Work order: Output the first line below and each one after it, exactly, up to and including the line holding "doc.linetypes.add(name, pattern=pattern)". Pictures should not be copied.

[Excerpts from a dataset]
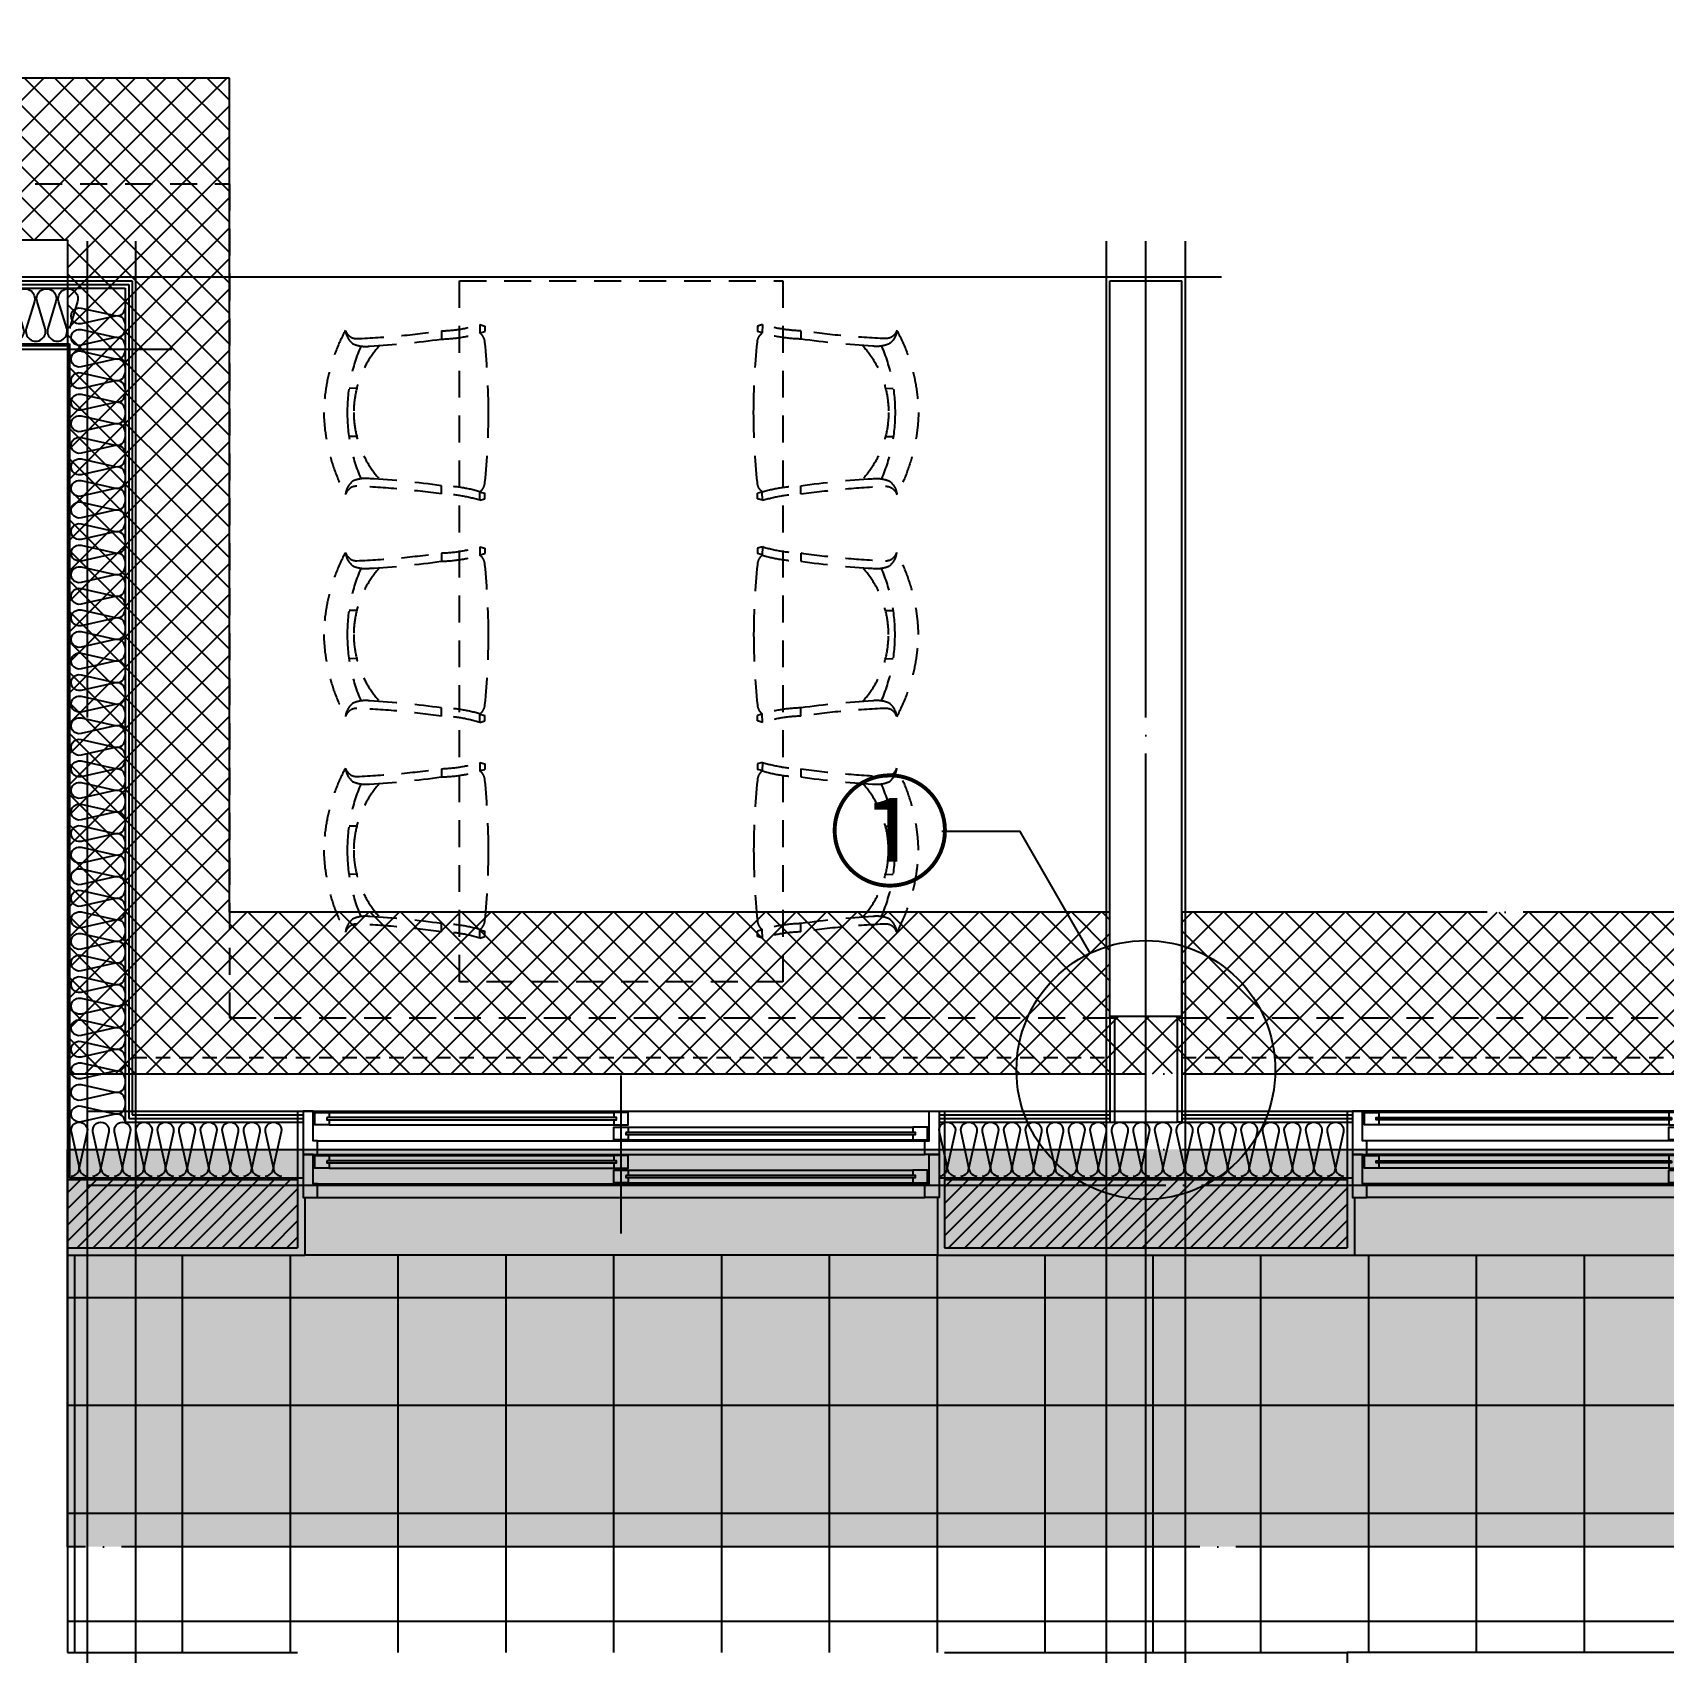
# Model space of a CAD drawing. Header units: millimetres. Extents: x -24416 to 92204, y -190080 to 23760.
# Drawn here: x 21803 to 26340, y -118441 to -113935 of the extents above; entities that cross this region are included whole.
import ezdxf
from ezdxf.enums import TextEntityAlignment as Align

# ---------------------------------------------------------------- set-up
doc = ezdxf.new("R2010")
doc.units = ezdxf.units.MM
doc.header["$LTSCALE"] = 50
for name, pattern in [('CEN', [62, 60, -1, 0, -1]), ('H', [1.3, 0.8, -0.5]), ('HD', [2.5, 1.5, -1]), ('HID', [2.5, 1.5, -1])]:
    doc.linetypes.add(name, pattern=pattern)
for name, color, linetype in [('A_HAT', 8, 'Continuous'), ('AA-단열-바닥-욕실', 30, 'Continuous'), ('ARDM', 7, 'Continuous'), ('CEN_CON', 1, 'CEN'), ('CEN_WALL', 12, 'CEN'), ('CONC', 2, 'Continuous'), ('dan1', 7, 'HID'), ('ELE3_CON', 7, 'Continuous'), ('ELE4', 4, 'Continuous'), ('ETC', 6, 'Continuous'), ('FIN', 6, 'Continuous'), ('FUR_가구', 8, 'HD'), ('HAT', 9, 'Continuous'), ('INS', 252, 'Continuous'), ('INSUL', 8, 'Continuous'), ('TEXT', 3, 'Continuous'), ('WAL', 3, 'Continuous'), ('WAL_DRY', 7, 'Continuous'), ('WIN', 4, 'Continuous'), ('바닥타일', 8, 'Continuous'), ('커튼박스', 6, 'Continuous')]:
    doc.layers.add(name, color=color, linetype=linetype)
for name, color, linetype, plot in [('AA-CEN', 1, 'CEN', False), ('Defpoint', 135, 'Continuous', False), ('MC', 135, 'Continuous', False)]:
    doc.layers.add(name, color=color, linetype=linetype, plot=plot)
doc.styles.add('돋움', font='Dotum.ttf')
pattern_1 = [(45, (-317379.71, -137553.743), (-22.4506403, 22.4506403), [])]

# ---------------------------------------------------------------- blocks, each defined once
blk = doc.blocks.new('WIN_이중창_1800')
at = {"layer": 'Defpoint'}
for p, q in [((-15, 240), (-15, 0)), ((1785, 240), (1785, 0))]:
    blk.add_line(p, q, dxfattribs=at)
at = {"layer": 'WIN'}
blk.add_line((885, -100), (885, 340), dxfattribs=at)
at = {"layer": 'WIN', "color": 8}
for p, q in [((1742, 240), (28, 240)), ((1697, 237), (905, 237)), ((865, 196), (73, 196)), ((1697, 202), (905, 202)), ((1730, 158), (40, 158)), ((865, 161), (73, 161)), ((1730, 120), (40, 120)), ((1697, 117), (905, 117)), ((865, 76), (73, 76)), ((1697, 82), (905, 82)), ((1730, 38), (40, 38)), ((1730, 0), (40, 0)), ((865, 41), (73, 41))]:
    blk.add_line(p, q, dxfattribs=at)
at = {"layer": 'WIN'}
for points in [[(40, 158), (28, 158), (28, 240), (0, 240), (0, 120), (40, 120), (40, 158)], [(905, 216.5), (905, 202), (865, 202), (865, 237), (905, 237), (905, 222.5)], [(1697, 216.5), (1697, 202), (1737, 202), (1737, 237), (1697, 237), (1697, 222.5)], [(1730, 158), (1742, 158), (1742, 240), (1770, 240), (1770, 120), (1730, 120), (1730, 158)], [(73, 175.5), (73, 161), (33, 161), (33, 196), (73, 196), (73, 181.5)], [(872, 181.5), (872, 175.5), (66, 175.5), (66, 181.5), (872, 181.5)], [(865, 175.5), (865, 161), (905, 161), (905, 196), (865, 196), (865, 181.5)], [(1704, 222.5), (1704, 216.5), (898, 216.5), (898, 222.5), (1704, 222.5)], [(40, 38), (28, 38), (28, 120), (0, 120), (0, 0), (40, 0), (40, 38)], [(905, 96.5), (905, 82), (865, 82), (865, 117), (905, 117), (905, 102.5)], [(1704, 102.5), (1704, 96.5), (898, 96.5), (898, 102.5), (1704, 102.5)], [(1697, 96.5), (1697, 82), (1737, 82), (1737, 117), (1697, 117), (1697, 102.5)], [(1730, 38), (1742, 38), (1742, 120), (1770, 120), (1770, 0), (1730, 0), (1730, 38)], [(73, 55.5), (73, 41), (33, 41), (33, 76), (73, 76), (73, 61.5)], [(872, 61.5), (872, 55.5), (66, 55.5), (66, 61.5), (872, 61.5)], [(865, 55.5), (865, 41), (905, 41), (905, 76), (865, 76), (865, 61.5)]]:
    blk.add_lwpolyline(points, dxfattribs=at)
blk = doc.blocks.new('WIN_이중창_3300-2')
at = {"layer": 'Defpoint'}
for p, q in [((-15, 240), (-15, 0)), ((3285, 240), (3285, 0))]:
    blk.add_line(p, q, dxfattribs=at)
at = {"layer": 'WIN'}
for p, q in [((900, -100), (900, 340)), ((2370, -100), (2370, 340))]:
    blk.add_line(p, q, dxfattribs=at)
at = {"layer": 'WIN', "color": 8}
for p, q in [((3242, 240), (28, 240)), ((880, 237), (73, 237)), ((3197, 237), (2390, 237)), ((880, 202), (73, 202)), ((2350, 196), (920, 196)), ((3197, 202), (2390, 202)), ((3230, 158), (40, 158)), ((2350, 161), (920, 161)), ((3230, 120), (40, 120)), ((880, 117), (73, 117)), ((3197, 117), (2390, 117)), ((880, 82), (73, 82)), ((2350, 76), (920, 76)), ((3197, 82), (2390, 82)), ((3230, 38), (40, 38)), ((3230, 0), (40, 0)), ((2350, 41), (920, 41))]:
    blk.add_line(p, q, dxfattribs=at)
at = {"layer": 'WIN'}
for points in [[(40, 158), (28, 158), (28, 240), (0, 240), (0, 120), (40, 120), (40, 158)], [(73, 216.5), (73, 202), (33, 202), (33, 237), (73, 237), (73, 222.5)], [(880, 216.5), (880, 202), (920, 202), (920, 237), (880, 237), (880, 222.5)], [(2390, 216.5), (2390, 202), (2350, 202), (2350, 237), (2390, 237), (2390, 222.5)], [(3197, 216.5), (3197, 202), (3237, 202), (3237, 237), (3197, 237), (3197, 222.5)], [(3230, 158), (3242, 158), (3242, 240), (3270, 240), (3270, 120), (3230, 120), (3230, 158)], [(887, 222.5), (887, 216.5), (66, 216.5), (66, 222.5), (887, 222.5)], [(920, 175.5), (920, 161), (880, 161), (880, 196), (920, 196), (920, 181.5)], [(2357, 181.5), (2357, 175.5), (913, 175.5), (913, 181.5), (2357, 181.5)], [(2350, 175.5), (2350, 161), (2390, 161), (2390, 196), (2350, 196), (2350, 181.5)], [(3204, 222.5), (3204, 216.5), (2383, 216.5), (2383, 222.5), (3204, 222.5)], [(40, 38), (28, 38), (28, 120), (0, 120), (0, 0), (40, 0), (40, 38)], [(73, 96.5), (73, 82), (33, 82), (33, 117), (73, 117), (73, 102.5)], [(887, 102.5), (887, 96.5), (66, 96.5), (66, 102.5), (887, 102.5)], [(880, 96.5), (880, 82), (920, 82), (920, 117), (880, 117), (880, 102.5)], [(2390, 96.5), (2390, 82), (2350, 82), (2350, 117), (2390, 117), (2390, 102.5)], [(3204, 102.5), (3204, 96.5), (2383, 96.5), (2383, 102.5), (3204, 102.5)], [(3197, 96.5), (3197, 82), (3237, 82), (3237, 117), (3197, 117), (3197, 102.5)], [(3230, 38), (3242, 38), (3242, 120), (3270, 120), (3270, 0), (3230, 0), (3230, 38)], [(920, 55.5), (920, 41), (880, 41), (880, 76), (920, 76), (920, 61.5)], [(2357, 61.5), (2357, 55.5), (913, 55.5), (913, 61.5), (2357, 61.5)], [(2350, 55.5), (2350, 41), (2390, 41), (2390, 76), (2350, 76), (2350, 61.5)]]:
    blk.add_lwpolyline(points, dxfattribs=at)
blk = doc.blocks.new('insul1')
blk.add_lwpolyline([(0, 0, 0.480617), (0.146, 0.183), (0.004, 0.817, -1.249969), (0.296, 0.817), (0.154, 0.183, 0.480617), (0.3, 0, 0.480617)], format="xyb")
blk = doc.blocks.new('DongSinsul_1')
at = {"layer": 'INSUL'}
blk.add_lwpolyline([(0, 0.25, 1.34403), (0.35, 0.25), (0.2, 0.75, -1.34403), (0.55, 0.75), (0.4, 0.25)], format="xyb", dxfattribs=at)
blk = doc.blocks.new('식탁-1950x900')
at = {"layer": 'FUR_가구'}
for p, q in [((-393, -121.6), (-379.1, -126)), ((-393, -121.6), (-392.7, -145.4)), ((-379.1, -126), (-379.3, -141)), ((393, -121.6), (379.1, -126)), ((379.1, -126), (379.3, -141)), ((393, -121.6), (392.7, -145.4)), ((-500.1, -139.2), (-499.9, -162.1)), ((-392.7, -144.6), (-379.3, -141)), ((392.7, -144.6), (379.3, -141)), ((500.1, -139.2), (499.9, -162.1)), ((-735.6, -299), (-756.6, -299.2)), ((735.6, -299), (756.6, -299.2)), ((-735.6, -433.1), (-756.6, -432.9)), ((735.6, -433.1), (756.6, -432.9)), ((-500.1, -592.9), (-499.9, -570)), ((-393, -610.5), (-392.7, -586.7)), ((-392.7, -587.5), (-379.3, -591.1)), ((392.7, -587.5), (379.3, -591.1)), ((393, -610.5), (392.7, -586.7)), ((500.1, -592.9), (499.9, -570)), ((-393, -610.5), (-379.1, -606.2)), ((-379.1, -606.2), (-379.3, -591.1)), ((379.1, -606.2), (379.3, -591.1)), ((393, -610.5), (379.1, -606.2)), ((-500.1, -757.1), (-499.9, -780)), ((-393, -739.5), (-379.1, -743.8)), ((-393, -739.5), (-392.7, -763.3)), ((-392.7, -762.5), (-379.3, -758.9)), ((-379.1, -743.8), (-379.3, -758.9)), ((393, -739.5), (379.1, -743.8)), ((379.1, -743.8), (379.3, -758.9)), ((392.7, -762.5), (379.3, -758.9)), ((393, -739.5), (392.7, -763.3)), ((500.1, -757.1), (499.9, -780)), ((-735.6, -916.9), (-756.6, -917.1)), ((735.6, -916.9), (756.6, -917.1)), ((-735.6, -1051), (-756.6, -1050.8)), ((735.6, -1051), (756.6, -1050.8)), ((-500.1, -1210.8), (-499.9, -1187.9)), ((-393, -1228.4), (-392.7, -1204.6)), ((-393, -1228.4), (-379.1, -1224)), ((-392.7, -1205.4), (-379.3, -1209)), ((-379.1, -1224), (-379.3, -1209)), ((379.1, -1224), (379.3, -1209)), ((393, -1228.4), (379.1, -1224)), ((392.7, -1205.4), (379.3, -1209)), ((393, -1228.4), (392.7, -1204.6)), ((500.1, -1210.8), (499.9, -1187.9)), ((-500.1, -1357.1), (-499.9, -1380)), ((-393, -1339.5), (-379.1, -1343.8)), ((-393, -1339.5), (-392.7, -1363.3)), ((-392.7, -1362.5), (-379.3, -1358.9)), ((-379.1, -1343.8), (-379.3, -1358.9)), ((393, -1339.5), (379.1, -1343.8)), ((379.1, -1343.8), (379.3, -1358.9)), ((392.7, -1362.5), (379.3, -1358.9)), ((393, -1339.5), (392.7, -1363.3)), ((500.1, -1357.1), (499.9, -1380)), ((-735.6, -1516.9), (-756.6, -1517.1)), ((735.6, -1516.9), (756.6, -1517.1)), ((-735.6, -1651), (-756.6, -1650.8)), ((735.6, -1651), (756.6, -1650.8)), ((-500.1, -1810.8), (-499.9, -1787.9)), ((-393, -1828.4), (-392.7, -1804.6)), ((-392.7, -1805.4), (-379.3, -1809)), ((-379.1, -1824), (-379.3, -1809)), ((379.1, -1824), (379.3, -1809)), ((392.7, -1805.4), (379.3, -1809)), ((393, -1828.4), (392.7, -1804.6)), ((500.1, -1810.8), (499.9, -1787.9)), ((-393, -1828.4), (-379.1, -1824)), ((393, -1828.4), (379.1, -1824))]:
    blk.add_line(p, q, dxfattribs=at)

Output:
# Model space of a CAD drawing. Header units: millimetres. Extents: x -24416 to 92204, y -190080 to 23760.
# Drawn here: x 21803 to 26340, y -118441 to -113935 of the extents above; entities that cross this region are included whole.
import ezdxf
from ezdxf.enums import TextEntityAlignment as Align

# ---------------------------------------------------------------- set-up
doc = ezdxf.new("R2010")
doc.units = ezdxf.units.MM
doc.header["$LTSCALE"] = 50
for name, pattern in [('CEN', [62, 60, -1, 0, -1]), ('H', [1.3, 0.8, -0.5]), ('HD', [2.5, 1.5, -1]), ('HID', [2.5, 1.5, -1])]:
    doc.linetypes.add(name, pattern=pattern)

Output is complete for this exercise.